__INPUT DATA__:
-*-*-
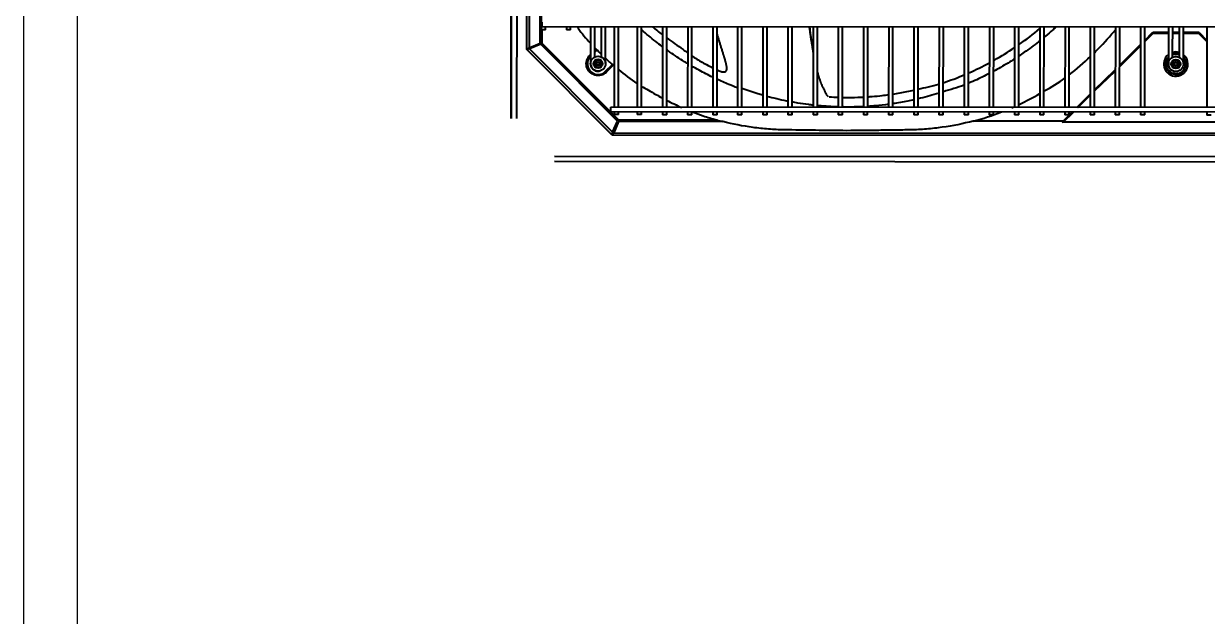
# Model space of a CAD drawing. Extents: x 58467 to 79089, y -33726 to -17391.
# Drawn here: x 78327 to 78437.4, y -20619.9 to -20564.7 of the extents above; entities that cross this region are included whole.
import ezdxf

# ---------------------------------------------------------------- set-up
doc = ezdxf.new("R2010")
doc.units = 0
doc.header["$LTSCALE"] = 100
doc.layers.add('+ENTE-ST-DOSEME USTU KONDDRENAJ', color=110, linetype='DOSEMEUSTUKONDENSDRENAJ_LINE', lineweight=40)
doc.layers.add('BA_elev2', color=9, linetype='Continuous')
doc.linetypes.add('DOSEMEUSTUKONDENSDRENAJ_LINE', pattern='A,300,-40,["CD",Standard,S=15,R=0,X=-35,Y=-7.5],0', length=340)

# ---------------------------------------------------------------- blocks, each defined once
blk = doc.blocks.new('4. KAT')
at = {"color": 3}
for p, q in [((54063.06, -33274.58, -3.34), (54063.1, -33206.53, -3.34)), ((54063.1, -33206.57, -3.34), (54063.06, -33274.58, -3.34)), ((54063.1, -33206.57, -3.34), (54063.06, -33274.58, -3.34)), ((54063.6, -33206.53, -3.34), (54063.56, -33274.58, -3.34)), ((54064.5, -33268.14, -3.34), (54064.53, -33219.09, -3.34)), ((54064.75, -33219.18, -3.34), (54064.72, -33267.99, -3.34)), ((54065.88, -33220.92, -3.34), (54065.85, -33266.31, -3.34)), ((54065.76, -33267.56, -3.34), (54065.77, -33258.88, -3.34)), ((54066.25, -33266.31, -3.34), (54065.85, -33266.31, -3.34)), ((54065.92, -33266.31, -3.34), (54065.92, -33267.56, -3.34)), ((54065.95, -33265.81, -3.34), (54065.95, -33265.61, -3.34)), ((54065.95, -33266.01, -3.34), (54065.95, -33265.81, -3.34)), ((54065.95, -33266.01, -3.34), (54184.31, -33266.09, -3.34)), ((54066.25, -33266.31, -3.34), (54066.25, -33266.01, -3.34)), ((54068.2, -33266.02, -3.34), (54068.2, -33266.32, -3.34)), ((54068.6, -33266.32, -3.34), (54068.2, -33266.32, -3.34)), ((54068.6, -33266.32, -3.34), (54068.6, -33266.02, -3.34)), ((54070.46, -33266.02, -3.34), (54070.46, -33267.15, -3.34)), ((54070.86, -33267.15, -3.34), (54070.86, -33266.02, -3.34)), ((54071.46, -33266.02, -3.34), (54071.46, -33268.39, -3.34)), ((54071.86, -33268.39, -3.34), (54071.86, -33266.02, -3.34)), ((54072.66, -33266.02, -3.34), (54072.65, -33273.52, -3.34)), ((54073.05, -33273.52, -3.34), (54073.06, -33266.02, -3.34)), ((54074.82, -33266.02, -3.34), (54074.81, -33273.52, -3.34)), ((54075.21, -33273.52, -3.34), (54075.22, -33266.02, -3.34)), ((54077.17, -33266.02, -3.34), (54077.16, -33273.53, -3.34)), ((54077.56, -33273.53, -3.34), (54077.57, -33266.02, -3.34)), ((54079.52, -33266.02, -3.34), (54079.51, -33273.53, -3.34)), ((54079.91, -33273.53, -3.34), (54079.92, -33266.02, -3.34)), ((54081.86, -33266.02, -3.34), (54081.86, -33273.53, -3.34)), ((54082.26, -33273.53, -3.34), (54082.26, -33266.02, -3.34)), ((54084.17, -33266.03, -3.34), (54084.17, -33273.53, -3.34)), ((54084.57, -33273.53, -3.34), (54084.57, -33266.03, -3.34)), ((54086.52, -33266.03, -3.34), (54086.52, -33273.53, -3.34)), ((54086.92, -33273.53, -3.34), (54086.92, -33266.03, -3.34)), ((54088.87, -33266.03, -3.34), (54088.87, -33273.53, -3.34)), ((54089.27, -33273.53, -3.34), (54089.27, -33266.03, -3.34)), ((54091.22, -33266.03, -3.34), (54091.22, -33273.53, -3.34)), ((54091.62, -33273.53, -3.34), (54091.62, -33266.03, -3.34)), ((54093.57, -33266.03, -3.34), (54093.57, -33273.54, -3.34)), ((54093.97, -33273.54, -3.34), (54093.97, -33266.03, -3.34)), ((54095.92, -33266.03, -3.34), (54095.92, -33273.54, -3.34)), ((54096.32, -33273.54, -3.34), (54096.32, -33266.03, -3.34)), ((54098.27, -33266.03, -3.34), (54098.26, -33273.54, -3.34)), ((54098.66, -33273.54, -3.34), (54098.67, -33266.03, -3.34)), ((54100.62, -33266.04, -3.34), (54100.61, -33273.54, -3.34)), ((54101.01, -33273.54, -3.34), (54101.02, -33266.04, -3.34)), ((54102.97, -33266.04, -3.34), (54102.96, -33273.54, -3.34)), ((54103.36, -33273.54, -3.34), (54103.37, -33266.04, -3.34)), ((54105.32, -33266.04, -3.34), (54105.31, -33273.54, -3.34)), ((54105.71, -33273.54, -3.34), (54105.72, -33266.04, -3.34)), ((54107.67, -33266.04, -3.34), (54107.66, -33273.54, -3.34)), ((54108.06, -33273.54, -3.34), (54108.07, -33266.04, -3.34)), ((54110.02, -33266.04, -3.34), (54110.01, -33273.55, -3.34)), ((54110.41, -33273.55, -3.34), (54110.42, -33266.04, -3.34)), ((54112.37, -33266.04, -3.34), (54112.36, -33273.55, -3.34)), ((54112.76, -33273.55, -3.34), (54112.77, -33266.04, -3.34)), ((54114.72, -33266.04, -3.34), (54114.71, -33273.55, -3.34)), ((54115.11, -33273.55, -3.34), (54115.12, -33266.04, -3.34)), ((54117.07, -33266.05, -3.34), (54117.06, -33273.55, -3.34)), ((54117.46, -33273.55, -3.34), (54117.47, -33266.05, -3.34)), ((54119.42, -33266.05, -3.34), (54119.41, -33273.55, -3.34)), ((54119.81, -33273.55, -3.34), (54119.82, -33266.05, -3.34)), ((54121.77, -33266.05, -3.34), (54121.76, -33273.55, -3.34)), ((54122.16, -33273.55, -3.34), (54122.17, -33266.05, -3.34)), ((54124.37, -33266.05, -3.34), (54124.36, -33268.32, -3.34)), ((54124.76, -33268.32, -3.34), (54124.77, -33266.05, -3.34)), ((54125.37, -33266.05, -3.34), (54125.36, -33267.18, -3.34)), ((54125.76, -33267.19, -3.34), (54125.77, -33266.05, -3.34)), ((54127.96, -33266.05, -3.34), (54127.96, -33273.56, -3.34)), ((54070.46, -33267.15, -3.34), (54070.46, -33267.43, -3.34)), ((54070.46, -33267.43, -3.34), (54070.46, -33267.8, -3.34)), ((54070.46, -33267.43, -3.34), (54070.46, -33267.43, -3.34)), ((54070.86, -33267.43, -3.34), (54070.86, -33267.15, -3.34)), ((54070.86, -33267.8, -3.34), (54070.86, -33267.43, -3.34)), ((54122.16, -33267.3, -3.34), (54122.89, -33266.58, -3.34)), ((54122.16, -33267.41, -3.34), (54122.95, -33266.63, -3.34)), ((54122.95, -33266.63, -3.34), (54122.89, -33266.58, -3.34)), ((54122.95, -33266.55, -3.34), (54124.37, -33266.55, -3.34)), ((54122.95, -33266.63, -3.34), (54122.95, -33266.55, -3.34)), ((54122.95, -33266.63, -3.34), (54124.37, -33266.63, -3.34)), ((54124.77, -33266.55, -3.34), (54125.36, -33266.55, -3.34)), ((54124.77, -33266.63, -3.34), (54125.36, -33266.63, -3.34)), ((54125.36, -33267.18, -3.34), (54125.36, -33267.47, -3.34)), ((54125.76, -33266.55, -3.34), (54127.18, -33266.55, -3.34)), ((54125.76, -33266.63, -3.34), (54127.18, -33266.63, -3.34)), ((54125.76, -33267.47, -3.34), (54125.76, -33267.19, -3.34)), ((54127.18, -33266.63, -3.34), (54127.18, -33266.55, -3.34)), ((54127.24, -33266.58, -3.34), (54127.18, -33266.63, -3.34)), ((54127.18, -33266.63, -3.34), (54127.96, -33267.42, -3.34)), ((54127.24, -33266.58, -3.34), (54127.96, -33267.3, -3.34)), ((54064.5, -33268.14, -3.34), (54064.72, -33267.99, -3.34)), ((54064.76, -33268.1, -3.34), (54064.5, -33268.14, -3.34)), ((54072.48, -33276.13, -3.34), (54064.5, -33268.14, -3.34)), ((54064.72, -33267.99, -3.34), (54065.76, -33267.56, -3.34)), ((54065.81, -33267.67, -3.34), (54064.76, -33268.1, -3.34)), ((54064.76, -33268.1, -3.34), (54072.52, -33275.87, -3.34)), ((54065.92, -33267.56, -3.34), (54065.76, -33267.56, -3.34)), ((54065.92, -33267.56, -3.34), (54065.81, -33267.67, -3.34)), ((54072.96, -33274.82, -3.34), (54065.81, -33267.67, -3.34)), ((54065.92, -33267.56, -3.34), (54073.07, -33274.71, -3.34)), ((54070.46, -33267.8, -3.34), (54070.46, -33267.8, -3.34)), ((54070.46, -33267.8, -3.34), (54070.46, -33268.08, -3.34)), ((54070.46, -33268.08, -3.34), (54070.46, -33269.46, -3.34)), ((54070.86, -33268.08, -3.34), (54070.86, -33267.8, -3.34)), ((54070.86, -33268.84, -3.34), (54070.86, -33268.08, -3.34)), ((54070.86, -33268.24, -3.34), (54070.99, -33268.12, -3.34)), ((54071.06, -33268.19, -3.34), (54070.86, -33268.38, -3.34)), ((54071.46, -33268.08, -3.34), (54071.46, -33268.84, -3.34)), ((54071.86, -33269.46, -3.34), (54071.86, -33268.08, -3.34)), ((54119.81, -33269.65, -3.34), (54121.76, -33267.7, -3.34)), ((54119.81, -33269.76, -3.34), (54121.76, -33267.81, -3.34)), ((54124.36, -33267.47, -3.34), (54124.36, -33267.83, -3.34)), ((54124.36, -33268.12, -3.34), (54124.36, -33269.49, -3.34)), ((54124.76, -33267.83, -3.34), (54124.76, -33267.47, -3.34)), ((54124.76, -33268.88, -3.34), (54124.76, -33268.12, -3.34)), ((54125.36, -33267.47, -3.34), (54125.36, -33267.83, -3.34)), ((54125.36, -33267.83, -3.34), (54125.36, -33268.12, -3.34)), ((54125.36, -33268.12, -3.34), (54125.36, -33268.88, -3.34)), ((54125.76, -33267.83, -3.34), (54125.76, -33267.47, -3.34)), ((54125.76, -33267.47, -3.34), (54125.76, -33267.47, -3.34)), ((54125.76, -33267.83, -3.34), (54125.76, -33267.83, -3.34)), ((54125.76, -33268.12, -3.34), (54125.76, -33267.83, -3.34)), ((54125.76, -33269.49, -3.34), (54125.76, -33268.12, -3.34)), ((54070.4, -33268.68, -3.34), (54070.46, -33268.62, -3.34)), ((54070.73, -33269.48, -3.34), (54070.95, -33269.11, -3.34)), ((54070.94, -33269.84, -3.34), (54070.73, -33269.48, -3.34)), ((54070.79, -33269.48, -3.34), (54070.73, -33269.48, -3.34)), ((54070.97, -33269.16, -3.34), (54070.79, -33269.48, -3.34)), ((54070.79, -33269.48, -3.34), (54070.97, -33269.79, -3.34)), ((54070.95, -33269.11, -3.34), (54071.37, -33269.11, -3.34)), ((54070.97, -33269.16, -3.34), (54070.95, -33269.11, -3.34)), ((54070.96, -33269.43, -3.34), (54070.96, -33269.53, -3.34)), ((54071.11, -33269.43, -3.34), (54070.96, -33269.43, -3.34)), ((54071.11, -33269.53, -3.34), (54070.96, -33269.53, -3.34)), ((54071.34, -33269.16, -3.34), (54070.97, -33269.16, -3.34)), ((54071.21, -33269.28, -3.34), (54071.11, -33269.28, -3.34)), ((54071.11, -33269.43, -3.34), (54071.11, -33269.28, -3.34)), ((54071.11, -33269.68, -3.34), (54071.11, -33269.53, -3.34)), ((54071.21, -33269.28, -3.34), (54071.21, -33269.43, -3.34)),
-*-*-
__EXERCISE AIM__:
Could you set down verbatim the lines from the beginning of the entries above through the line containing "import ezdxf", both included, leaving out the pictures?

__SOLUTION TO THIS EXERCISE__:
# Model space of a CAD drawing. Extents: x 58467 to 79089, y -33726 to -17391.
# Drawn here: x 78327 to 78437.4, y -20619.9 to -20564.7 of the extents above; entities that cross this region are included whole.
import ezdxf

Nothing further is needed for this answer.